» Input
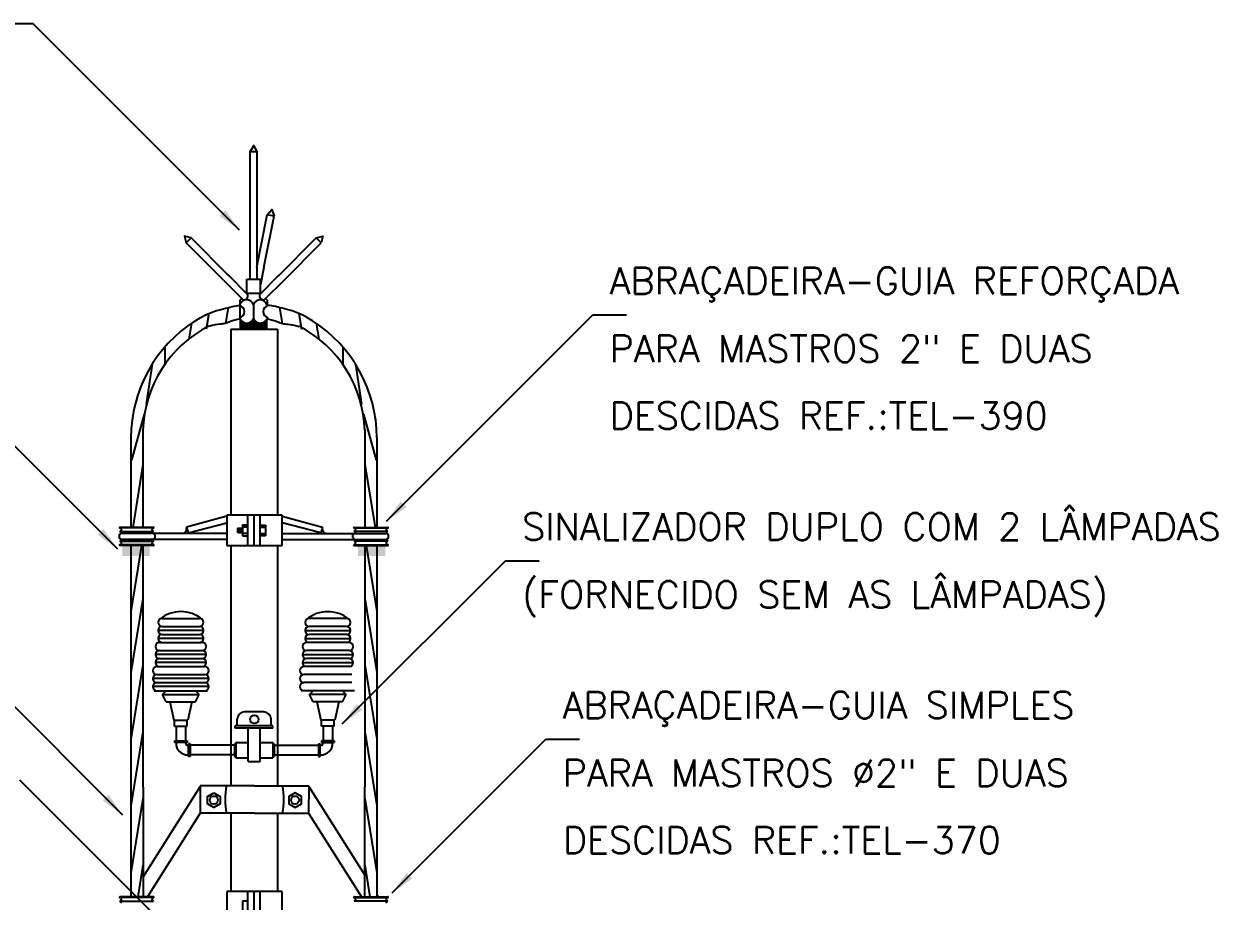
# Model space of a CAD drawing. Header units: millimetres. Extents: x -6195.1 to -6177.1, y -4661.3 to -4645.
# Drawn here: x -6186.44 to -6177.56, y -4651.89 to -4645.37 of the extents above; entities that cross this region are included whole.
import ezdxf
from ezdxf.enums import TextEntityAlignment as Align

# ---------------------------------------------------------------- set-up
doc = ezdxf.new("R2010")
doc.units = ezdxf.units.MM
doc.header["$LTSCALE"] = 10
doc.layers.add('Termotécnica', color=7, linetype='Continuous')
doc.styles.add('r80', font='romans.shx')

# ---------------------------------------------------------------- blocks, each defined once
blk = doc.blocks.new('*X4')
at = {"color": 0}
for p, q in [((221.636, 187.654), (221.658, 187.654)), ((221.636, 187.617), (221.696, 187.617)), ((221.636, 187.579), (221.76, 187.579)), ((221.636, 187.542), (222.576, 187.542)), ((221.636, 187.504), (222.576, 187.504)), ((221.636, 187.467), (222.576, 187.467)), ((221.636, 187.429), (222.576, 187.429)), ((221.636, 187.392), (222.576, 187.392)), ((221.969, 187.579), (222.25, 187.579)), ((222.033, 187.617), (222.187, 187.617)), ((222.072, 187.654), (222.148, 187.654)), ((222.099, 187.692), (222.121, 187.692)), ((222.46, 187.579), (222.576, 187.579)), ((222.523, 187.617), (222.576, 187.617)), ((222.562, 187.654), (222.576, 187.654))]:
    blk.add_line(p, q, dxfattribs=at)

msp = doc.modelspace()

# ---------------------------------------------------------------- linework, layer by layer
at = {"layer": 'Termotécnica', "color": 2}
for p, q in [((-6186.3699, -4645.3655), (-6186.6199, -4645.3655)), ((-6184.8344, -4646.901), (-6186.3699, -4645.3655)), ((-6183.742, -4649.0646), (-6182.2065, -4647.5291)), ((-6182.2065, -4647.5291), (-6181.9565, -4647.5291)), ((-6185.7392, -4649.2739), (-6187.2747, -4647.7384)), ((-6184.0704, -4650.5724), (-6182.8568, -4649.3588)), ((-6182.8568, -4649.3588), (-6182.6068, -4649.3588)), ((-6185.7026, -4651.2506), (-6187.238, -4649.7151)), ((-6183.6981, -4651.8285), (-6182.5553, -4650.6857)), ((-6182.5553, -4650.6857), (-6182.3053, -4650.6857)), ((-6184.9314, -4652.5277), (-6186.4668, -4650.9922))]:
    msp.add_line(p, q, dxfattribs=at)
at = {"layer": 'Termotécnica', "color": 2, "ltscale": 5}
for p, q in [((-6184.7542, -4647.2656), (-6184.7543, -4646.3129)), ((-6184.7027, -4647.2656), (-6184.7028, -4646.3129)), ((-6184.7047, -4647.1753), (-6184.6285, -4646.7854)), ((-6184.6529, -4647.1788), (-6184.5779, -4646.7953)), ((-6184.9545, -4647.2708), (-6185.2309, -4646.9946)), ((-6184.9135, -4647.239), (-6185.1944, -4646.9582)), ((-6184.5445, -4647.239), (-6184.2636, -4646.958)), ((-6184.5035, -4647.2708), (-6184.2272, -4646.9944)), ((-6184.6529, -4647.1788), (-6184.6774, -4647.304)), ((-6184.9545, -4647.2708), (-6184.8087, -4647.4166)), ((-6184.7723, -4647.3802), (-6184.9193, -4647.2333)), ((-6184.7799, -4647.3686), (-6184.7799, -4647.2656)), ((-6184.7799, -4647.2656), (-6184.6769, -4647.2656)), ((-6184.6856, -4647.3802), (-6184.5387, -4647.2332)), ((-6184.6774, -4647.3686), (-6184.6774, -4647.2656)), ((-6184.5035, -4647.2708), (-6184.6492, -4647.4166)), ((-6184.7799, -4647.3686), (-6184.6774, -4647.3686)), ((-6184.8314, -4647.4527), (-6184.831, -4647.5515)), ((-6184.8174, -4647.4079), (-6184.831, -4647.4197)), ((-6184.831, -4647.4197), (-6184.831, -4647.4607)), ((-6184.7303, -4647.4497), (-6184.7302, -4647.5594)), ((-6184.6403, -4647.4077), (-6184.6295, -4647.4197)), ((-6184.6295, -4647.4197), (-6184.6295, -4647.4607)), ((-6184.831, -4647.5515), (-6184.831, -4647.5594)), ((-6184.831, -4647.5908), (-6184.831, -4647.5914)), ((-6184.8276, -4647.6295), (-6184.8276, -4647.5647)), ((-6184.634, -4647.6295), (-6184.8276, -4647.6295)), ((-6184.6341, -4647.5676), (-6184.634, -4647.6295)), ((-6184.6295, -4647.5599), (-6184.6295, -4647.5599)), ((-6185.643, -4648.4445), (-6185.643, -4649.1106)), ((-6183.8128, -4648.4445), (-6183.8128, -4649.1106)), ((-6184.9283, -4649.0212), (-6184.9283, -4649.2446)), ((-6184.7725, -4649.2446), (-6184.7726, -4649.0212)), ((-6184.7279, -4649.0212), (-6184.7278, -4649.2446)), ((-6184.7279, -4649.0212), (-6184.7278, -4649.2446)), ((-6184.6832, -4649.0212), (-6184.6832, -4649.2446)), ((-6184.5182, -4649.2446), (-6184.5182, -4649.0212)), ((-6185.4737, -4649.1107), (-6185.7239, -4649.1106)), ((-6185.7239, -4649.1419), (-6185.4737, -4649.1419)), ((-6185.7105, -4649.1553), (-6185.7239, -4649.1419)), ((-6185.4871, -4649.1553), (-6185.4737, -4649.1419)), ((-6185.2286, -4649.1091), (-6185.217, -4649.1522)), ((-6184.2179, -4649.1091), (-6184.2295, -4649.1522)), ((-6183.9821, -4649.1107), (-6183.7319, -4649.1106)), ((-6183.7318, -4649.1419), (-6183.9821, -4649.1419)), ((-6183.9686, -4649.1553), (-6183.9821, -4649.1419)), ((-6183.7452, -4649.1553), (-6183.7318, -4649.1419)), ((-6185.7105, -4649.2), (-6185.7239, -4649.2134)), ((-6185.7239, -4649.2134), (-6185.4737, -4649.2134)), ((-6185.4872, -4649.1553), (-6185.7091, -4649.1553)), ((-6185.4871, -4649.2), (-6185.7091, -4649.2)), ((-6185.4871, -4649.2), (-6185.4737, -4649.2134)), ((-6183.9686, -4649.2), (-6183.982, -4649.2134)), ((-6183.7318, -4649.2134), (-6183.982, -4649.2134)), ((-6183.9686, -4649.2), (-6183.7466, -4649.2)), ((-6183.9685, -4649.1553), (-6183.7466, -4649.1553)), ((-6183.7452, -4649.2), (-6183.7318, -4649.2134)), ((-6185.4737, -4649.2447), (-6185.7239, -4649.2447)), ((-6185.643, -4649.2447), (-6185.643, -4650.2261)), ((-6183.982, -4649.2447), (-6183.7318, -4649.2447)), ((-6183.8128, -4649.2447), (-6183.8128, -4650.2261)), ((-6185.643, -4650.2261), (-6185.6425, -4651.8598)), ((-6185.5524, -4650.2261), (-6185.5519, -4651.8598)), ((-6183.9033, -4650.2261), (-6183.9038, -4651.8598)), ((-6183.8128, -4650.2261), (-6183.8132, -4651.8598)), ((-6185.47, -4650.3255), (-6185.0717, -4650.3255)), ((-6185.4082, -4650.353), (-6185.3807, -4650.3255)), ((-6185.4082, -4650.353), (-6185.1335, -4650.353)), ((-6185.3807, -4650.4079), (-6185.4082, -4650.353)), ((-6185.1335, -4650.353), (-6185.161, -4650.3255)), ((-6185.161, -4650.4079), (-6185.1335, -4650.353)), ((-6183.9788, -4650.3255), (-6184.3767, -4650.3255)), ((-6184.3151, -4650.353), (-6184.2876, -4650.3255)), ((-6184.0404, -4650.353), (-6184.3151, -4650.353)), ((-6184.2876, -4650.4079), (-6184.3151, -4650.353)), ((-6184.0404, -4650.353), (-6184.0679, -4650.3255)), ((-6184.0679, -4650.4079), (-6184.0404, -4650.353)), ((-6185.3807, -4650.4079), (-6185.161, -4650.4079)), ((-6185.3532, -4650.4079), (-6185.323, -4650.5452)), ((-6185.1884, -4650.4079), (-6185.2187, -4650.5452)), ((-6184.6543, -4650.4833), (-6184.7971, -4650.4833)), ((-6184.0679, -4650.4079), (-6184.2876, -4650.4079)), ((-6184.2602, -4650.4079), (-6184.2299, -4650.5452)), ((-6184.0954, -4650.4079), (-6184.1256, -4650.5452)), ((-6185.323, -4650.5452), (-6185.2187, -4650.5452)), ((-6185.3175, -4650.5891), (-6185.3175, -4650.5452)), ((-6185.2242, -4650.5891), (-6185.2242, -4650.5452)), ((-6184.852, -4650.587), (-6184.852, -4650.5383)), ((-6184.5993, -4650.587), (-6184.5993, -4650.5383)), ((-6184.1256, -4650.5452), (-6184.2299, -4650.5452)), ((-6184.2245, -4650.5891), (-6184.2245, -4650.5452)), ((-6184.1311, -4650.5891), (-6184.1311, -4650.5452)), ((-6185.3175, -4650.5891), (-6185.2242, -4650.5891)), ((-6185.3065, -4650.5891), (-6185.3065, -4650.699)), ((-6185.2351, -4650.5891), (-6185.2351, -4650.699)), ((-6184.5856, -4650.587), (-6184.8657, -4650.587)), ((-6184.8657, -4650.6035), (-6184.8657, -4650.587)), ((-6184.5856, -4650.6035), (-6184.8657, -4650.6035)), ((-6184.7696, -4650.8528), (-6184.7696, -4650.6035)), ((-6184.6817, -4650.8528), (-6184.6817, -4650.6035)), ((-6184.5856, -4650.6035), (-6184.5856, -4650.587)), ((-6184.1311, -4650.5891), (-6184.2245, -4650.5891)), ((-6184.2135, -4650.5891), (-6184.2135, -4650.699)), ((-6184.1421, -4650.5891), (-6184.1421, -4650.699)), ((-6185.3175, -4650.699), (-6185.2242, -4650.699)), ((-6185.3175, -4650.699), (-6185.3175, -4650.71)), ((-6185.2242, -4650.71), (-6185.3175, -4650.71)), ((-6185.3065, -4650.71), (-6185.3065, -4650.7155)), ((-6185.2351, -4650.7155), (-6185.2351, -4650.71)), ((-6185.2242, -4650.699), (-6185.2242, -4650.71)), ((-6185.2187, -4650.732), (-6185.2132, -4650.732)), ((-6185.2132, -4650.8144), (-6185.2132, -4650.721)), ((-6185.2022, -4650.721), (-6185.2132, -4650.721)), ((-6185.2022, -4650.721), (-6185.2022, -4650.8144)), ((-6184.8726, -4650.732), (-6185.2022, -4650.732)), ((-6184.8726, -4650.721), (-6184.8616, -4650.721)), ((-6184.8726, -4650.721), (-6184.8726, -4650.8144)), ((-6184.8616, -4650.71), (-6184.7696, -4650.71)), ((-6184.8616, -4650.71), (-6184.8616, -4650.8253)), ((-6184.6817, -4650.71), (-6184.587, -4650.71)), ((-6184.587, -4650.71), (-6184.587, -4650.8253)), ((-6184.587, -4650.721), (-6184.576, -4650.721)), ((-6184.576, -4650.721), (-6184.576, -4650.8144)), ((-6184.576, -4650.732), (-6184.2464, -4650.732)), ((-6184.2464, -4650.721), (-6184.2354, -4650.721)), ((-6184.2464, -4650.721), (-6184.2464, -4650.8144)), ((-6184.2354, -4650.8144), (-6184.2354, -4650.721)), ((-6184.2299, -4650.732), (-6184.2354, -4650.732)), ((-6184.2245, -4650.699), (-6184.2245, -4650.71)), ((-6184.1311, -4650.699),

» Your task
State, as a bare number, how many lines of the material contain "Termotécnica".

» Solution to the exercise
3